[Stored entries]
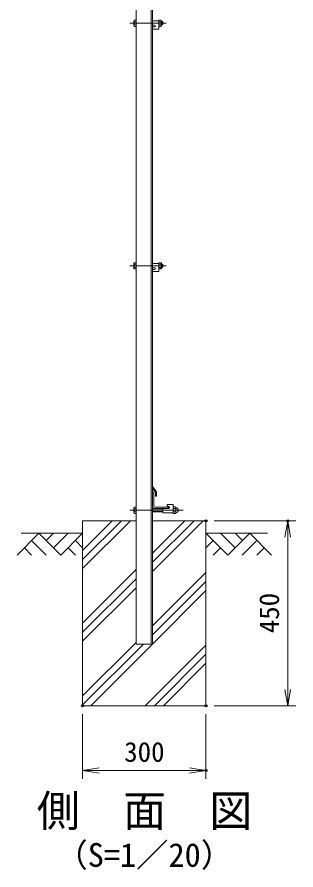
# Model space of a CAD drawing. Units: millimetres at full size. Extents: x -4200 to 4200, y -2970 to 2970.
# Drawn here: x -99 to 579, y -855 to 1219 of the extents above; entities that cross this region are included whole.
import ezdxf
from ezdxf.enums import TextEntityAlignment as Align

# ---------------------------------------------------------------- set-up
doc = ezdxf.new("R2010")
doc.units = ezdxf.units.MM
doc.header["$LTSCALE"] = 10
doc.header["$PDMODE"] = 32
doc.header["$PDSIZE"] = 5
doc.linetypes.add('USER1', pattern=[50.8, 31.75, -6.35, 6.35, -6.35])
for name, color, linetype, lineweight in [('0-0_D-STR1', 1, 'Continuous', 18), ('0-1_D-BMK', 2, 'USER1', 13), ('0-2_D-STR-DIM', 7, 'Continuous', 13), ('0-3_D-STR3', 3, 'Continuous', 13), ('0-4_D-BGD', 7, 'Continuous', 18), ('0-5_D-STR4', 7, 'Continuous', 18), ('0-6_D-DCR-HCH', 7, 'Continuous', 13), ('0-8_0', 7, 'Continuous', 18)]:
    doc.layers.add(name, color=color, linetype=linetype, lineweight=lineweight)
doc.layers.add('0-9_Defpoints', color=7, linetype='Continuous')
doc.layers.add('0-A_D-TTL-TXT', color=7, linetype='Continuous')
doc.styles.add('ＭＳ ゴシック', font='')
doc.styles.get('ＭＳ ゴシック').set_extended_font_data('MS Gothic')

# ---------------------------------------------------------------- blocks, each defined once
blk = doc.blocks.new('_Open')
at = {"layer": '0-8_0'}
blk.add_line((-10, 1.667), (0, 0), dxfattribs=at)
blk.add_lwpolyline([(-10, -1.667), (0, 0), (-10, 0)], dxfattribs=at)

msp = doc.modelspace()

# ---------------------------------------------------------------- linework, layer by layer
at = {"layer": '0-0_D-STR1'}
for p, q in [((226.82, -306.02), (226.82, 1853.04)), ((230.32, -306.02), (230.32, 1853.98)), ((190.32, -306.02), (190.32, 1843.26)), ((240.32, 64.71), (230.32, 77.21)), ((231.32, 63.98), (230.32, 63.98)), ((230.32, 28.98), (230.32, 63.98)), ((237.32, 53.71), (237.32, 63.59)), ((240.32, 53.71), (240.32, 64.71)), ((233.32, 31.48), (233.32, 61.98)), ((237.32, 53.71), (240.32, 53.71)), ((270.32, 23.98), (235.32, 23.98)), ((268.32, 26.98), (237.82, 26.98)), ((270.32, 24.98), (270.32, 23.98)), ((230.32, -306.02), (190.32, -306.02))]:
    msp.add_line(p, q, dxfattribs=at)
msp.add_lwpolyline([(237.32, 63.59), (230.32, 72.64), (230.32, 77.21)], dxfattribs=at)
for centre, radius, start, end in [((231.32, 61.98), 2, 0, 90), ((235.32, 28.98), 5, 180, 270), ((237.82, 31.48), 4.5, 180, 270), ((268.32, 24.98), 2, 0, 90)]:
    msp.add_arc(centre, radius, start, end, dxfattribs=at)
at = {"layer": '0-1_D-BMK'}
for p, q in [((263.32, 1203.98), (175.32, 1203.98)), ((263.32, 613.98), (175.32, 613.98)), ((304.55, 19.48), (175.32, 19.48))]:
    msp.add_line(p, q, dxfattribs=at)
at = {"layer": '0-2_D-STR-DIM'}
for p, q in [((380.32, -6.02), (579.33, -6.02)), ((559.33, -456.02), (559.33, -6.02)), ((380.32, -456.02), (579.33, -456.02)), ((60.32, -476.02), (60.32, -633.34)), ((360.32, -476.02), (360.32, -633.34)), ((60.32, -613.34), (360.32, -613.34))]:
    msp.add_line(p, q, dxfattribs=at)
at = {"layer": '0-3_D-STR3'}
for p, q in [((185.02, 1210.28), (185.72, 1211.49)), ((185.02, 1210.28), (185.02, 1197.68)), ((190.32, 1211.49), (185.72, 1211.49)), ((190.32, 1207.73), (185.72, 1207.73)), ((190.32, 1211.49), (190.32, 1196.47)), ((245.32, 1209.98), (230.32, 1209.98)), ((245.32, 1211.49), (251.1, 1211.49)), ((245.32, 1196.47), (245.32, 1211.49)), ((245.32, 1209.98), (245.32, 1189.98)), ((245.32, 1207.73), (251.1, 1207.73)), ((251.1, 1211.49), (251.82, 1210.23)), ((251.82, 1197.73), (251.82, 1210.23)), ((251.82, 1207.98), (254.12, 1207.98)), ((254.12, 1207.98), (255.32, 1206.78)), ((254.12, 1207.98), (254.12, 1199.98)), ((255.32, 1206.78), (255.32, 1201.18)), ((185.02, 1197.68), (185.72, 1196.47)), ((190.32, 1200.23), (185.72, 1200.23)), ((190.32, 1196.47), (185.72, 1196.47)), ((235.07, 1199.48), (230.32, 1199.48)), ((230.32, 1194.98), (230.32, 1189.98)), ((235.07, 1194.98), (230.32, 1194.98)), ((245.32, 1189.98), (230.32, 1189.98)), ((245.32, 1200.23), (251.1, 1200.23)), ((245.32, 1196.47), (251.1, 1196.47)), ((251.1, 1196.47), (251.82, 1197.73)), ((251.82, 1199.98), (254.12, 1199.98)), ((254.12, 1199.98), (255.32, 1201.18)), ((185.02, 620.28), (185.72, 621.49)), ((185.02, 620.28), (185.02, 607.68)), ((185.02, 607.68), (185.72, 606.47)), ((190.32, 621.49), (185.72, 621.49)), ((190.32, 617.73), (185.72, 617.73)), ((190.32, 610.23), (185.72, 610.23)), ((190.32, 606.47), (185.72, 606.47)), ((190.32, 621.49), (190.32, 606.47)), ((245.32, 619.98), (230.32, 619.98)), ((235.07, 609.48), (230.32, 609.48)), ((235.07, 604.98), (230.32, 604.98)), ((230.32, 604.98), (230.32, 599.98)), ((245.32, 606.47), (245.32, 621.49)), ((245.32, 619.98), (245.32, 599.98)), ((245.32, 617.73), (251.1, 617.73)), ((245.32, 610.23), (251.1, 610.23)), ((251.82, 607.73), (251.82, 620.23)), ((251.82, 617.98), (254.12, 617.98)), ((251.82, 609.98), (254.12, 609.98)), ((254.12, 617.98), (255.32, 616.78)), ((255.32, 616.78), (255.32, 611.18)), ((245.32, 599.98), (230.32, 599.98)), ((185.02, 25.78), (185.72, 26.99)), ((185.02, 13.18), (185.02, 25.78)), ((190.32, 26.99), (185.72, 26.99)), ((190.32, 23.23), (185.72, 23.23)), ((190.32, 11.97), (190.32, 26.99)), ((230.32, 23.48), (255.57, 23.48)), ((230.32, 22.73), (255.57, 22.73)), ((270.32, 23.98), (255.57, 23.98)), ((255.57, 13.48), (255.57, 23.98)), ((280.57, 33.48), (265.57, 33.48)), ((265.57, 28.48), (265.57, 33.48)), ((270.32, 28.48), (265.57, 28.48)), ((280.57, 13.48), (280.57, 33.48)), ((280.57, 13.25), (280.57, 25.59)), ((280.57, 13.25), (280.57, 25.59)), ((281.57, 27.58), (286.07, 27.58)), ((286.07, 23.53), (281.57, 23.53)), ((287.07, 13.25), (287.07, 25.59)), ((287.07, 13.25), (287.07, 25.59)), ((185.02, 13.18), (185.72, 11.97)), ((190.32, 15.73), (185.72, 15.73)), ((190.32, 11.97), (185.72, 11.97)), ((230.32, 16.23), (255.57, 16.23)), ((230.32, 15.48), (255.57, 15.48)), ((280.57, 13.48), (255.57, 13.48)), ((286.07, 15.43), (281.57, 15.43)), ((281.57, 11.38), (286.07, 11.38))]:
    msp.add_line(p, q, dxfattribs=at)
for points in [[(245.32, 621.49), (251.1, 621.49), (251.82, 620.23)], [(245.32, 606.47), (251.1, 606.47), (251.82, 607.73)], [(254.12, 617.98), (254.12, 609.98), (255.32, 611.18)]]:
    msp.add_lwpolyline(points, dxfattribs=at)
for centre, radius, start, end in [((188.46, 1209.61), 3.32, 145.61585, 214.38415), ((197.56, 1203.98), 12.42, 162.4121, 197.5879), ((248.35, 1209.61), 3.32, 325.61586, 34.38414), ((239.26, 1203.98), 12.42, 342.4121, 17.5879), ((188.46, 1198.35), 3.32, 145.61585, 214.38415), ((235.07, 1197.23), 2.25, 270, 90), ((248.35, 1198.35), 3.32, 325.61585, 34.38416), ((188.46, 619.61), 3.32, 145.61585, 214.38415), ((197.56, 613.98), 12.42, 162.4121, 197.5879), ((188.46, 608.35), 3.32, 145.61585, 214.38415), ((235.07, 607.23), 2.25, 270, 90), ((248.35, 619.61), 3.32, 325.61586, 34.38414), ((248.35, 608.35), 3.32, 325.61585, 34.38416), ((239.26, 613.98), 12.42, 342.4121, 17.5879), ((188.46, 25.11), 3.32, 145.61585, 214.38415), ((197.56, 19.48), 12.42, 162.4121, 197.5879), ((270.32, 26.23), 2.25, 270, 90), ((283.12, 25.55), 2.55, 127.42505, 232.57495), ((289.27, 19.48), 8.7, 152.26063, 207.73937), ((284.52, 25.55), 2.55, 307.42505, 52.57495), ((278.37, 19.48), 8.7, 332.26063, 27.73937), ((287.44, 26.42), 0.5, 196.57981, 262.83194), ((286.57, 19.48), 6.5, 277.16806, 82.83194), ((188.46, 13.85), 3.32, 145.61585, 214.38415), ((283.11, 13.4), 2.54, 127.21089, 232.78911), ((284.53, 13.4), 2.54, 307.21089, 52.78911), ((287.44, 12.53), 0.5, 97.16806, 170.16084)]:
    msp.add_arc(centre, radius, start, end, dxfattribs=at)
at = {"layer": '0-4_D-BGD'}
for p, q in [((-89.68, -36.02), (60.32, -36.02)), ((510.32, -36.02), (360.32, -36.02))]:
    msp.add_line(p, q, dxfattribs=at)
at = {"layer": '0-5_D-STR4'}
for p, q in [((60.32, -6.02), (60.32, -456.02)), ((190.32, -6.02), (60.32, -6.02)), ((360.32, -6.02), (230.32, -6.02)), ((360.32, -6.02), (360.32, -456.02)), ((360.32, -456.02), (60.32, -456.02))]:
    msp.add_line(p, q, dxfattribs=at)
at = {"layer": '0-6_D-DCR-HCH'}
for p, q in [((60.32, -122.29), (176.59, -6.02)), ((60.32, -100.2), (154.5, -6.02)), ((60.32, -78.1), (132.4, -6.02)), ((230.32, -129.07), (353.37, -6.02)), ((230.32, -106.97), (331.27, -6.02)), ((230.32, -84.88), (309.18, -6.02)), ((-46.1, -36.02), (-99.32, -89.23)), ((-46.1, -36.02), (7.11, -89.23)), ((-28.37, -53.76), (-10.63, -36.02)), ((-10.63, -71.5), (24.85, -36.02)), ((7.11, -89.23), (60.32, -36.02)), ((413.53, -89.23), (360.32, -36.02)), ((431.27, -71.5), (395.8, -36.02)), ((466.74, -36.02), (413.53, -89.23)), ((449.1, -53.85), (431.27, -36.02)), ((466.74, -36.02), (519.96, -89.23)), ((-63.84, -53.76), (-28.2, -89.23)), ((42.58, -53.76), (60.32, -71.41)), ((378.06, -53.76), (360.32, -71.41)), ((484.48, -53.76), (448.84, -89.23)), ((-81.58, -71.5), (-63.76, -89.23)), ((24.85, -71.5), (42.66, -89.23)), ((395.8, -71.5), (377.98, -89.23)), ((502.22, -71.5), (484.4, -89.23)), ((60.32, -254.88), (190.32, -124.88)), ((230.32, -261.65), (360.32, -131.65)), ((60.32, -276.97), (190.32, -146.97)), ((230.32, -283.75), (360.32, -153.75)), ((60.32, -299.07), (190.32, -169.07)), ((230.32, -305.85), (360.32, -175.85)), ((60.32, -431.65), (190.32, -301.65)), ((60.32, -453.75), (208.05, -306.02)), ((80.15, -456.02), (230.15, -306.02)), ((212.73, -456.02), (360.32, -308.43)), ((234.83, -456.02), (360.32, -330.53)), ((256.92, -456.02), (360.32, -352.62))]:
    msp.add_line(p, q, dxfattribs=at)
at = {"layer": '0-9_Defpoints'}
for p in [(360.32, -6.02), (559.33, -6.02), (60.32, -456.02), (360.32, -456.02), (360.32, -613.34)]:
    msp.add_point(p, dxfattribs=at)

# ---------------------------------------------------------------- block references
at = {"layer": '0-2_D-STR-DIM', "xscale": 4, "yscale": 4}
for p, rotation in [((559.33, -6.02), 90), ((559.33, -456.02), 270), ((60.32, -613.34), 180)]:
    msp.add_blockref('_Open', p, dxfattribs=dict(at, rotation=rotation))
msp.add_blockref('_Open', (360.32, -613.34), dxfattribs=at)

# ---------------------------------------------------------------- texts
at = {"layer": '0-2_D-STR-DIM', "style": 'ＭＳ ゴシック'}
msp.add_text('450', height=48.09, rotation=90, dxfattribs=at).set_placement((552.59, -279.52), align=Align.BOTTOM_LEFT)
msp.add_text('300', height=48.09, dxfattribs=at).set_placement((161.43, -606.59), align=Align.BOTTOM_LEFT)
at = {"layer": '0-A_D-TTL-TXT', "style": 'ＭＳ ゴシック'}
for s, height, p in [('側\u3000面\u3000図', 76.98, (-51.44, -772.96)), ('（S=1／20）', 57.7, (-5.95, -864.94))]:
    msp.add_text(s, height=height, dxfattribs=at).set_placement(p, align=Align.BOTTOM_LEFT)

doc.saveas('drawing.dxf')

Problem statement: Among the records above, only the lines between the line holding "for points in" and the line holding "msp.add_lwpolyline(points, dxfattribs=at)", inclusive, are to be output, exactly as written.

Solution for this exercise:
for points in [[(245.32, 621.49), (251.1, 621.49), (251.82, 620.23)], [(245.32, 606.47), (251.1, 606.47), (251.82, 607.73)], [(254.12, 617.98), (254.12, 609.98), (255.32, 611.18)]]:
    msp.add_lwpolyline(points, dxfattribs=at)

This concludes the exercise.